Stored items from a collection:

-*-

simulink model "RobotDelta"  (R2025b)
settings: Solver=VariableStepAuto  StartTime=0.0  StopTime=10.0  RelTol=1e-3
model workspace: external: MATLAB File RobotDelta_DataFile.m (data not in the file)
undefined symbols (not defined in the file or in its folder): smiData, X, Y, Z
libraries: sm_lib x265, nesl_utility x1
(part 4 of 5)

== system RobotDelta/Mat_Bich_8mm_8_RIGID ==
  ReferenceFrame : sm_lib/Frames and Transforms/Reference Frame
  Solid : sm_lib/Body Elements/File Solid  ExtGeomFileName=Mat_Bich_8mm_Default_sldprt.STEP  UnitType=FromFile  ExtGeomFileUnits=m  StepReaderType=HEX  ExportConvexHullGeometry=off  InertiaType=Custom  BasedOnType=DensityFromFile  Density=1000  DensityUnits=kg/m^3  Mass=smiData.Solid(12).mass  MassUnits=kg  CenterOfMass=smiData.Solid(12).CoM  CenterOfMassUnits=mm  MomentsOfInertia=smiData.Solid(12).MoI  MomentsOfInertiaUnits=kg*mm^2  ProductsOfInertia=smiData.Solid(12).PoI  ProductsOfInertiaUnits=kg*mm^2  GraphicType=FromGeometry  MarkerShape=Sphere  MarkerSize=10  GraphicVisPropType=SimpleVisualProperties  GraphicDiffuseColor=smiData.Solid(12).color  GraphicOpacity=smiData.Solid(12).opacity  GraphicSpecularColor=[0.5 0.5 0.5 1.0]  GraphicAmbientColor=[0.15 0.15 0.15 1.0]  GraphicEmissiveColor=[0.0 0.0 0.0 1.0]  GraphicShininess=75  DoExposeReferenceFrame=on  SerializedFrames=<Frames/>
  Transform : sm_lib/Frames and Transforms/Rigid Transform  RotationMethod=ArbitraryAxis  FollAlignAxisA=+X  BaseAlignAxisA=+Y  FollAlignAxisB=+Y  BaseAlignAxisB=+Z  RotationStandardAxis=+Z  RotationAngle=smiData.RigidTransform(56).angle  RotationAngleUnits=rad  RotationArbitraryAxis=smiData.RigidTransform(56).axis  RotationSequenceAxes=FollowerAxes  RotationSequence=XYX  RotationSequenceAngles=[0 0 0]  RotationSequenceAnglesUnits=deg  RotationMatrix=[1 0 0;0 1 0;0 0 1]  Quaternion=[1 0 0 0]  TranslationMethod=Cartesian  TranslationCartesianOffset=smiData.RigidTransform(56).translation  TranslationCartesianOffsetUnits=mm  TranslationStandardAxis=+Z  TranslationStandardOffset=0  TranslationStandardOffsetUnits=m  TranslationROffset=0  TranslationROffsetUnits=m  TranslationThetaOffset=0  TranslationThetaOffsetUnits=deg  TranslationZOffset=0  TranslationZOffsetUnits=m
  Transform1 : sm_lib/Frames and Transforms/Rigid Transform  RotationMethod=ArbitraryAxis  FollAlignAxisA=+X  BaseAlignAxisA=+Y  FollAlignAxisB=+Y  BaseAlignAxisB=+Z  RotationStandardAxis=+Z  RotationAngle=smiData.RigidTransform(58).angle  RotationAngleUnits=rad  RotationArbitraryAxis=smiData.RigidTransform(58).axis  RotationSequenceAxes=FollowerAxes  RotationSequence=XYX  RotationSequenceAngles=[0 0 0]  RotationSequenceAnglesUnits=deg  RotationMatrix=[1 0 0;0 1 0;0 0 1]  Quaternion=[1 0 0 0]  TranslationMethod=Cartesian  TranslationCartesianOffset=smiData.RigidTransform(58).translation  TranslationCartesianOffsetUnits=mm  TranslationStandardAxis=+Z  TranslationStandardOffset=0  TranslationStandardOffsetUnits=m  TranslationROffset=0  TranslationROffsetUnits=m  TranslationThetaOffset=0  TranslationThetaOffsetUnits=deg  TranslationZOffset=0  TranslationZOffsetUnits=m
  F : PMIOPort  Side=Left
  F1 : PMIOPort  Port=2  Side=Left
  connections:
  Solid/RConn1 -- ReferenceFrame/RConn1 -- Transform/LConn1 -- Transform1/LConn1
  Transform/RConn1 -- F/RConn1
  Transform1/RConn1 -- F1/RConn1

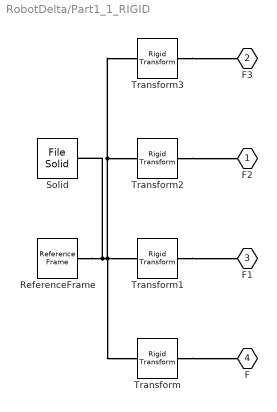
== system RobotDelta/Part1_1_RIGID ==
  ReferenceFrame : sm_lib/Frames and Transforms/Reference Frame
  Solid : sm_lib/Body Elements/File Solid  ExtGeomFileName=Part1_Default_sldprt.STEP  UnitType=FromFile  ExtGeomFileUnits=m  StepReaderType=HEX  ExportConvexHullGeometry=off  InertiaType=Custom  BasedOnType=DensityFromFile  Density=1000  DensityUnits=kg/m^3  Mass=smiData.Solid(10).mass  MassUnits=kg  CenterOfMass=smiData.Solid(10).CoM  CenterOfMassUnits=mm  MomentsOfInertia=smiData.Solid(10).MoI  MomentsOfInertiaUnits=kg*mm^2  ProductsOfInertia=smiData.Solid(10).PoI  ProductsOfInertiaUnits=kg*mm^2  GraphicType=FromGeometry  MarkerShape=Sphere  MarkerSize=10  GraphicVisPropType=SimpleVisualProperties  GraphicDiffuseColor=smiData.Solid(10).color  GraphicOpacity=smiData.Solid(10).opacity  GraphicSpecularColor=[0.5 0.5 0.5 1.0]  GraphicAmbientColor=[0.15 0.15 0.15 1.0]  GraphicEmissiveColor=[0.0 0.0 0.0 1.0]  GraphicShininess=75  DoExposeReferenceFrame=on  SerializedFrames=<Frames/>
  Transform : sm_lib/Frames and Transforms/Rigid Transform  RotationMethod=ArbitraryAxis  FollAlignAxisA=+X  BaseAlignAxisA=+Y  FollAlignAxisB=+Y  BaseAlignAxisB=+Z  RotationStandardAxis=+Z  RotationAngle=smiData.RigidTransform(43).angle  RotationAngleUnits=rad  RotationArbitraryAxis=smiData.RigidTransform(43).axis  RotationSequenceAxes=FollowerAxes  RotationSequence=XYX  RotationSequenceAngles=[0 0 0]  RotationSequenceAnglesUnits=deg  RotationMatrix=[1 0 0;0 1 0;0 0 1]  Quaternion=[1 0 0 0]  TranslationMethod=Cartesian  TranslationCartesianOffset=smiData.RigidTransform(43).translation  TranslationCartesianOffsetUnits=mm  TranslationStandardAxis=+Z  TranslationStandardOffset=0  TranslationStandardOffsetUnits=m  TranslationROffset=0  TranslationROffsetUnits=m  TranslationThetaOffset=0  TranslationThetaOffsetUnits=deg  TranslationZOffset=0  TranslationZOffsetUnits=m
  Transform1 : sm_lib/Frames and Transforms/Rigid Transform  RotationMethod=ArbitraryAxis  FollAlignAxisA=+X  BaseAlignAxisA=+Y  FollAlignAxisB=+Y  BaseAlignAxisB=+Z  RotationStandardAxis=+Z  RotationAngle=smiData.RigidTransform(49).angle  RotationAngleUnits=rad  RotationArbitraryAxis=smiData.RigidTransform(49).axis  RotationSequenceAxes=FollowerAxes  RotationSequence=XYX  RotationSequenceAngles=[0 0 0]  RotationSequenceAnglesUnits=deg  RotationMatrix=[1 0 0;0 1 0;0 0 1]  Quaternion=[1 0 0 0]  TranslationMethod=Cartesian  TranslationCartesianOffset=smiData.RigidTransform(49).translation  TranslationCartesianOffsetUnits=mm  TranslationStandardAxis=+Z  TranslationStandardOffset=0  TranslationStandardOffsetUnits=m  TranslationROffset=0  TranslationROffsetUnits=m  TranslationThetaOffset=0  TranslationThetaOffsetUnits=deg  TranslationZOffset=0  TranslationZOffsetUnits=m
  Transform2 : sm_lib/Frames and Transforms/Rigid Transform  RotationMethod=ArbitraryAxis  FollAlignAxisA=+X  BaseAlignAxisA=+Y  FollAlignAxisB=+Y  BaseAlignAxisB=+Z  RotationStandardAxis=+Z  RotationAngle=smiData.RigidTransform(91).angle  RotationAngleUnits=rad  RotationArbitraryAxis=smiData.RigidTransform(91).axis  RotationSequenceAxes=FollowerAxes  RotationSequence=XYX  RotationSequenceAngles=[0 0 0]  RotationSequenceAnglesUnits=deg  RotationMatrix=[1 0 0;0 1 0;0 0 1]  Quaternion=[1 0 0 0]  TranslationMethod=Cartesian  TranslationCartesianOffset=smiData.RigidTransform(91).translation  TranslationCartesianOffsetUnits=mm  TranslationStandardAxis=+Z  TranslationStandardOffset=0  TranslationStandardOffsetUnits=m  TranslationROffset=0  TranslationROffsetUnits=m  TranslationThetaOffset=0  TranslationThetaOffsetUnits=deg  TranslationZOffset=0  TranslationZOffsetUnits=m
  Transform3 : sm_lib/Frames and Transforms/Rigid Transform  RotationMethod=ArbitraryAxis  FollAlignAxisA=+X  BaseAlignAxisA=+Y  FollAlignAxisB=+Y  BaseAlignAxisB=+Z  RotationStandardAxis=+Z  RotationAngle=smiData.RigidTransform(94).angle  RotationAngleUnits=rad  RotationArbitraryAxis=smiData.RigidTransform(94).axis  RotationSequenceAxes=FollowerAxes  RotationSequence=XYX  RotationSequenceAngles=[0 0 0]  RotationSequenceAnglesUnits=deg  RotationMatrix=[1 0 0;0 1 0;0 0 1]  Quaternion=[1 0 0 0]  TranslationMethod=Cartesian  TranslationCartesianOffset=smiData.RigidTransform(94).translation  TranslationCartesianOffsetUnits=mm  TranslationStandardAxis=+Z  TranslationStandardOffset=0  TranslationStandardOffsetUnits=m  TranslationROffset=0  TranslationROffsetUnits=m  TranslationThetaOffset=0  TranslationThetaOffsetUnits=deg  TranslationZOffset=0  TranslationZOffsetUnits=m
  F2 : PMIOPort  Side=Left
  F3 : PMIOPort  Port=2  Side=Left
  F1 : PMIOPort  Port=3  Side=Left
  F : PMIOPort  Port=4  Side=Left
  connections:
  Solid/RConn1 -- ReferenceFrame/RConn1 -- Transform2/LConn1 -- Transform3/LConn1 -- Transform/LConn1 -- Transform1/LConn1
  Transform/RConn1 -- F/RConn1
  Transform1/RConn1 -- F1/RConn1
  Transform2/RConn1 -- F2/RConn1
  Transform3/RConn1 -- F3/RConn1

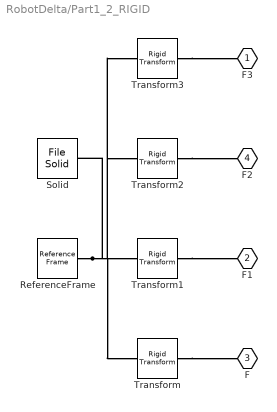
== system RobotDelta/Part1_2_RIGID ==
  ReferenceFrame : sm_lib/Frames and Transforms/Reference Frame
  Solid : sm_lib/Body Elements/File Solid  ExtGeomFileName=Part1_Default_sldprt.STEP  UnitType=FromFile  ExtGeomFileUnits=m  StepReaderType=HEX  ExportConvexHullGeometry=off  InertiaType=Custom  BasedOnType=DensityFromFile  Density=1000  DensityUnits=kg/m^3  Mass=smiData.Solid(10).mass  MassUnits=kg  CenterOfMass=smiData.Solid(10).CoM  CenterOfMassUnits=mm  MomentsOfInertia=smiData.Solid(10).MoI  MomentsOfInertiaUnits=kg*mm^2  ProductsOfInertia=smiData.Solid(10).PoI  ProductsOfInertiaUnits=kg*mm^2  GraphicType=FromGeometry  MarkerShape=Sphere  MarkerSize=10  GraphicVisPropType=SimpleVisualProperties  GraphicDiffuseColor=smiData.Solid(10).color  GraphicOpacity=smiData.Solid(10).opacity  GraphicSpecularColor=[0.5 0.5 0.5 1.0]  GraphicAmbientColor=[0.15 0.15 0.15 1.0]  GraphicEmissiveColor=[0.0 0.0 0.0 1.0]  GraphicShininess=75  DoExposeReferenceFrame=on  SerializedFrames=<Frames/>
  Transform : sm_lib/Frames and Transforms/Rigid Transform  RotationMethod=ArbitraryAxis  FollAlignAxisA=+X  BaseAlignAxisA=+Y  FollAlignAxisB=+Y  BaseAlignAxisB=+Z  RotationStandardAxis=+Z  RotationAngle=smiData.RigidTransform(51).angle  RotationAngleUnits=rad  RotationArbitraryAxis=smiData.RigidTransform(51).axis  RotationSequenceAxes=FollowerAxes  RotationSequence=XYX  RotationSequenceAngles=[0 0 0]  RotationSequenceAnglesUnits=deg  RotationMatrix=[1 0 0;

-*-

Copy each line above that contains the word "Side".

◆ **Task solution**
  F : PMIOPort  Side=Left
  F1 : PMIOPort  Port=2  Side=Left
  F2 : PMIOPort  Side=Left
  F3 : PMIOPort  Port=2  Side=Left
  F1 : PMIOPort  Port=3  Side=Left
  F : PMIOPort  Port=4  Side=Left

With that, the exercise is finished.